Leonard SS2019 Collection takes us on yet another journey, to explore and endlessly rethink the notion of French elegance.
She has wide pockets, platform sandals and is ready to go. The Leonard woman as seen by Christine Phung has left everything to discover the landscape of Masai Mara, at the frontier of Kenya and Tanzania, a childhood dream of hers.
Clad in a cotton gabardine, a clay leather jumpsuit, a Saharienne in Klein blue, or a destructed suit, she feels both lonely and profoundly energized.
The sun has burned the earth, and mirages smile at her from afar. Bathed in the shadows of Acacias, she gazes at buffalos, zebras, rhinos and lions.
The aesthetic choc is followed by an identitary one. She meets women from the Masai region, and detects a radically different relation to ornamentation.
Every piece of jewelry is a sign of belonging and never fragility. These designs envelop her neck and ear lobes; they even inspire her to create an adornment in braided silk.
This questioning is reflected in the outfits, with gradually blurry silhouettes.
Dresses are asymmetrical, semi-pleated, adorned with the Leonard flower in tender, moiré pink.
Drapes are warmed up with embroided impressions of a setting sun evoking pointillism. Outfits are knotted, wrapped, interlaced.
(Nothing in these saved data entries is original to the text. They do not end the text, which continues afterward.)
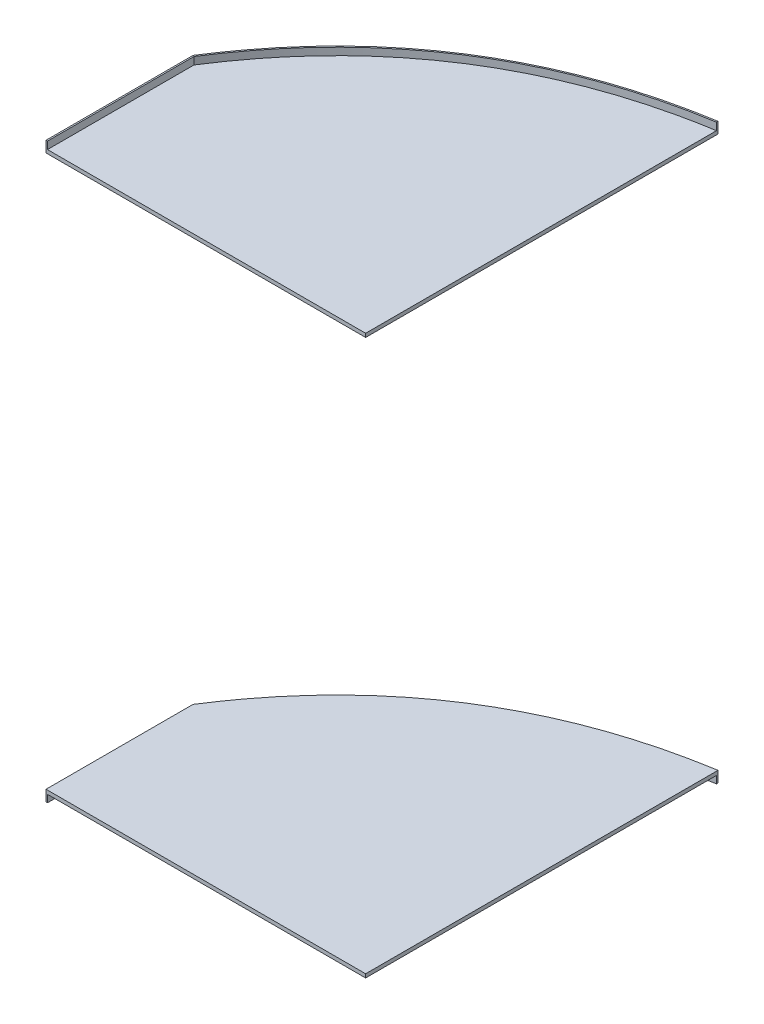
from build123d import *

# Parameters (mm, degrees)
BOSS_EXTRUDE1_DEPTH     = 6.35
BOSS_EXTRUDE3_DEPTH     = 6.35
BOSS_EXTRUDE5_DEPTH     = 12.7
BOSS_EXTRUDE6_DEPTH     = 12.7
CUT_EXTRUDE4_DEPTH      = 1728.012280013
CUT_EXTRUDE4_DEPTH_BACK = 1728.012280013
SKETCH15_W              = 190.5
SKETCH15_H              = 682.13068343


with BuildPart() as part:
    # Sketch1 → Boss-Extrude1 (new body)
    with BuildSketch(Plane(origin=(0, 0, 0), x_dir=(1, 0, 0), z_dir=(0, 1, 0))):
        with BuildLine():
            Line((89.610112992, -1165.433901317), (824.879284431, -1165.433901317))
            Line((824.879284431, -1165.433901317), (824.879284431, -567.502499631))
            ThreePointArc((824.879284431, -567.502499631), (817.269099996, -549.372897811), (798.9987756, -542.107045091))
            add(Edge.make_bspline(
                [(798.9987756, -542.107045091), (310.85287448, -551.343281294), (81.929284431, -911.433901317)],
                knots=[0, 0, 0, 1, 1, 1], degree=2))
            Line((81.929284431, -911.433901317), (81.929284431, -1165.433901317))
            Line((81.929284431, -1165.433901317), (89.610112992, -1165.433901317))
        make_face()
    extrude(amount=BOSS_EXTRUDE1_DEPTH)

    # Sketch7 → Boss-Extrude5 (add)
    with BuildSketch(Plane.XZ):
        with BuildLine():
            Line((81.929284431, 1165.433901317), (81.929284431, 911.433901317))
            add(Edge.make_bspline(
                [(81.929284431, 911.433901317), (310.852874413, 551.343281399), (798.998775313, 542.107045097)],
                knots=[0, 0, 0, 1, 1, 1], degree=2))
            Line((798.998775313, 542.107045097), (799.046826225, 544.64659055))
            add(Edge.make_bspline(
                [(84.469304621, 912.17350784), (103.445986698, 882.378231607), (124.011412428, 853.993941632), (168.593594737, 800.290538619), (192.61009119, 774.971194559), (224.984358741, 745.412322476), (231.577006451, 739.605162794), (241.646710977, 731.054934835), (246.726748812, 726.819950816), (251.875344395, 722.645853927), (255.323064638, 719.876731412), (257.054292928, 718.499226905), (272.671395942, 706.189149426), (286.866852119, 695.822531973), (330.365972729, 666.398283488), (360.581983591, 649.015511653), (407.626608262, 626.099997011), (423.595021874, 618.988123553), (447.965802624, 609.087960016), (456.159095509, 605.915857466), (468.552117196, 601.346939256), (472.700305171, 599.855506437), (481.030802365, 596.93527959), (485.213538017, 595.506425964), (506.136959561, 588.541794096), (522.966553896, 583.523018507), (556.791975897, 574.49711508), (573.787817466, 570.490071848), (607.932357178, 563.406226077), (625.08106614, 560.329489378), (659.519665029, 555.035202304), (676.809563487, 552.817703848), (728.875637539, 547.360312054), (763.847710868, 545.312595399), (799.046826225, 544.64659055)],
                knots=[0, 0, 0, 0, 0.125, 0.125, 0.25, 0.25, 0.28125, 0.28125, 0.296875, 0.3046875, 0.3046875, 0.3125, 0.3125, 0.375, 0.375, 0.5, 0.5, 0.5625, 0.5625, 0.59375, 0.59375, 0.609375, 0.609375, 0.625, 0.625, 0.6875, 0.6875, 0.75, 0.75, 0.8125, 0.8125, 0.875, 0.875, 1, 1, 1, 1], degree=3))
            Line((84.469304621, 912.17350784), (84.469304621, 1162.893900935))
            Line((84.469304621, 1162.893900935), (84.469304621, 1165.433901317))
            Line((84.469304621, 1165.433901317), (82.38244461, 1165.433901317))
            Line((82.38244461, 1165.433901317), (81.929284431, 1165.433901317))
        make_face()
    extrude(amount=BOSS_EXTRUDE5_DEPTH)


with BuildPart() as body_2:
    # Sketch3 → Boss-Extrude3 (new body)
    with BuildSketch(Plane(origin=(0, 958.85, 0), x_dir=(1, 0, 0), z_dir=(0, 1, 0))):
        with BuildLine():
            Line((81.92928454, -911.433901146), (81.929284431, -1165.433901317))
            Line((81.929284431, -1165.433901317), (824.879284431, -1165.433901317))
            Line((824.879284431, -1165.433901317), (824.879284431, -567.502499631))
            ThreePointArc((824.879284431, -567.502499631), (817.269099894, -549.37289771), (798.998775313, -542.107045097))
            add(Edge.make_bspline(
                [(798.998775313, -542.107045097), (310.852874529, -551.343281397), (81.92928454, -911.433901146)],
                knots=[0, 0, 0, 1, 1, 1], degree=2))
        make_face()
    extrude(amount=BOSS_EXTRUDE3_DEPTH)

    # Sketch8 → Boss-Extrude6 (add)
    with BuildSketch(Plane(origin=(0, 965.2, 0), x_dir=(1, 0, 0), z_dir=(0, 1, 0))):
        with BuildLine():
            Line((799.046826225, -544.64659055), (798.998775546, -542.107045092))
            add(Edge.make_bspline(
                [(798.998775546, -542.107045092), (310.852874466, -551.343281313), (81.92928443, -911.433901319)],
                knots=[0, 0, 0, 1, 1, 1], degree=2))
            Line((81.92928443, -911.433901319), (81.929284431, -1165.433901317))
            Line((81.929284431, -1165.433901317), (84.469304621, -1165.433901317))
            Line((84.469304621, -1165.433901317), (84.469304621, -912.17350784))
            add(Edge.make_bspline(
                [(84.469304621, -912.17350784), (103.445986698, -882.378231607), (124.011412428, -853.993941632), (168.593594737, -800.290538619), (192.61009119, -774.971194559), (224.984358741, -745.412322476), (236.521490923, -735.24979187), (248.427624153, -725.414976442), (255.323064638, -719.876731412), (257.054292928, -718.499226905), (272.671395942, -706.189149426), (286.866852119, -695.822531973), (330.365972729, -666.398283488), (360.581983591, -649.015511653), (407.626608262, -626.099997011), (423.595021874, -618.988123553), (447.965802624, -609.087960016), (460.255741598, -604.329805543), (472.700305171, -599.855506437), (481.030802365, -596.93527959), (485.213538017, -595.506425964), (506.136959561, -588.541794096), (522.966553896, -583.523018507), (556.791975897, -574.49711508), (573.787817466, -570.490071848), (607.932357178, -563.406226077), (625.08106614, -560.329489378), (659.519665029, -555.035202304), (676.809563487, -552.817703848), (728.875637539, -547.360312054), (763.847710868, -545.312595399), (799.046826225, -544.64659055)],
                knots=[0, 0, 0, 0, 0.125, 0.125, 0.25, 0.25, 0.28125, 0.3046875, 0.3046875, 0.3125, 0.3125, 0.375, 0.375, 0.5, 0.5, 0.5625, 0.5625, 0.59375, 0.609375, 0.609375, 0.625, 0.625, 0.6875, 0.6875, 0.75, 0.75, 0.8125, 0.8125, 0.875, 0.875, 1, 1, 1, 1], degree=3))
        make_face()
    extrude(amount=BOSS_EXTRUDE6_DEPTH)


with BuildPart() as cut_extrude4_tool:
    # Sketch15 → Cut-Extrude4 (new, two sides: drawn at the far end of the back side and taken through both)
    with BuildSketch(Plane(origin=(0, 958.85, 0), x_dir=(1, 0, 0), z_dir=(0, 1, 0)).offset(-CUT_EXTRUDE4_DEPTH_BACK)):
        with Locations((729.629284431, -824.368559602)):
            Rectangle(SKETCH15_W, SKETCH15_H)
    extrude(amount=CUT_EXTRUDE4_DEPTH + CUT_EXTRUDE4_DEPTH_BACK)


with BuildPart() as part_1:
    add(part.part)

    # Cut-Extrude4: cut by cut_extrude4_tool
    add(cut_extrude4_tool.part, mode=Mode.SUBTRACT)


with BuildPart() as body_2_1:
    add(body_2.part)

    # Cut-Extrude4: cut by cut_extrude4_tool
    add(cut_extrude4_tool.part, mode=Mode.SUBTRACT)


solid = Compound([part_1.part, body_2_1.part])
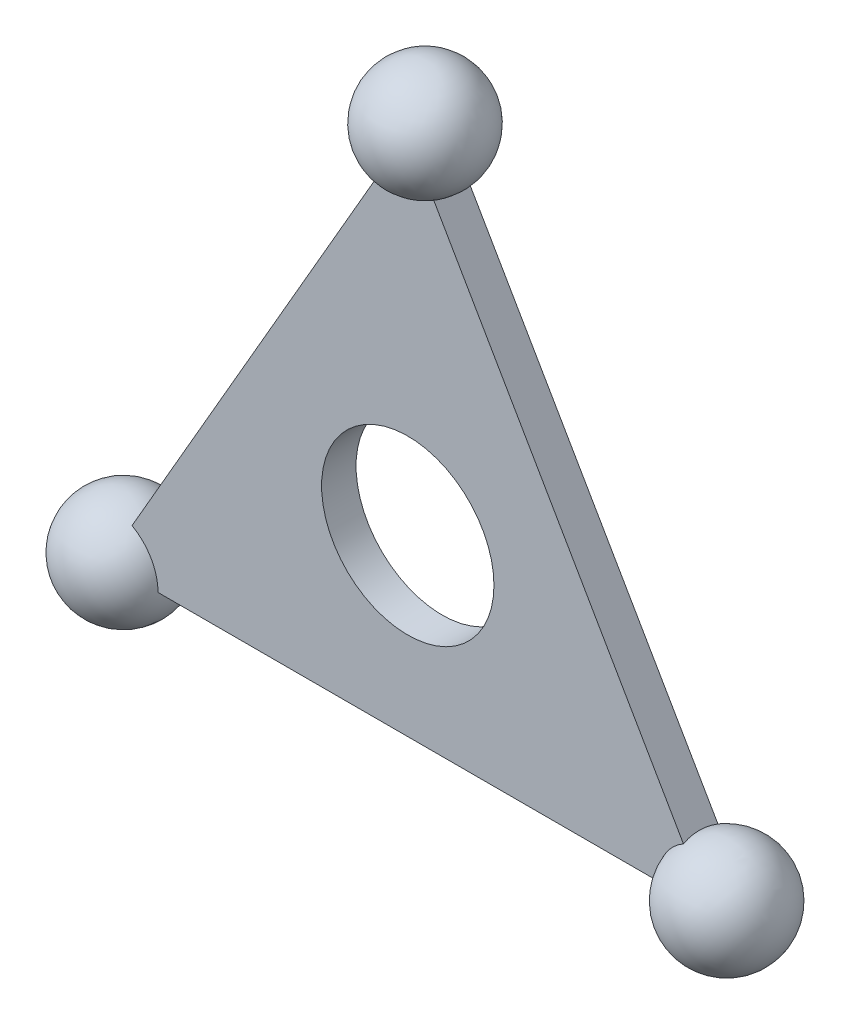
from build123d import *

# Parameters (mm, degrees)
ESQUISSE1_R                  = 10
BOSS_EXTRU_1_DEPTH           = 2
R_P_TITION_CIRCULAIRE1_COUNT = 3


with BuildPart() as part:
    # Esquisse1 → Boss.-Extru.1 (new, symmetric)
    with BuildSketch(Plane.XY):
        Polygon((0, 40.414518843), (-35, -20.207259422), (35, -20.207259422), align=None)
        Circle(ESQUISSE1_R, mode=Mode.SUBTRACT)
    extrude(amount=BOSS_EXTRU_1_DEPTH, both=True)

    # Esquisse3 → Révolution1 (revolve)
    with BuildSketch(Plane.XY):
        with BuildLine():
            Line((0, 46.764518843), (0, 34.064518843))
            ThreePointArc((0, 34.064518843), (-6.35, 40.414518843), (0, 46.764518843))
        make_face()
    r_volution1 = revolve(axis=Axis((0, 46.764518843, 0), (0, -1, 0)))

    # Répétition circulaire1: Révolution1 ×3 about axis
    r_p_tition_circulaire1_axis = Axis((0, 0, 0), (0, 0, 1))
    for i in range(1, R_P_TITION_CIRCULAIRE1_COUNT):
        add(r_volution1.rotate(r_p_tition_circulaire1_axis, i * 360 / R_P_TITION_CIRCULAIRE1_COUNT))


solid = part.part

This sense of duality will be her main souvenir: she has found both a desire of escapism expressed in her technical detailing of her wardrobe and a profound self-introspection, of her place and codes, symbolized in a soft blur that will never cease to shake her.
To celebrate Leonard’s sixtieth anniversary, seven «heritage» silhouettes inspired by the Maison’s archives will close the show.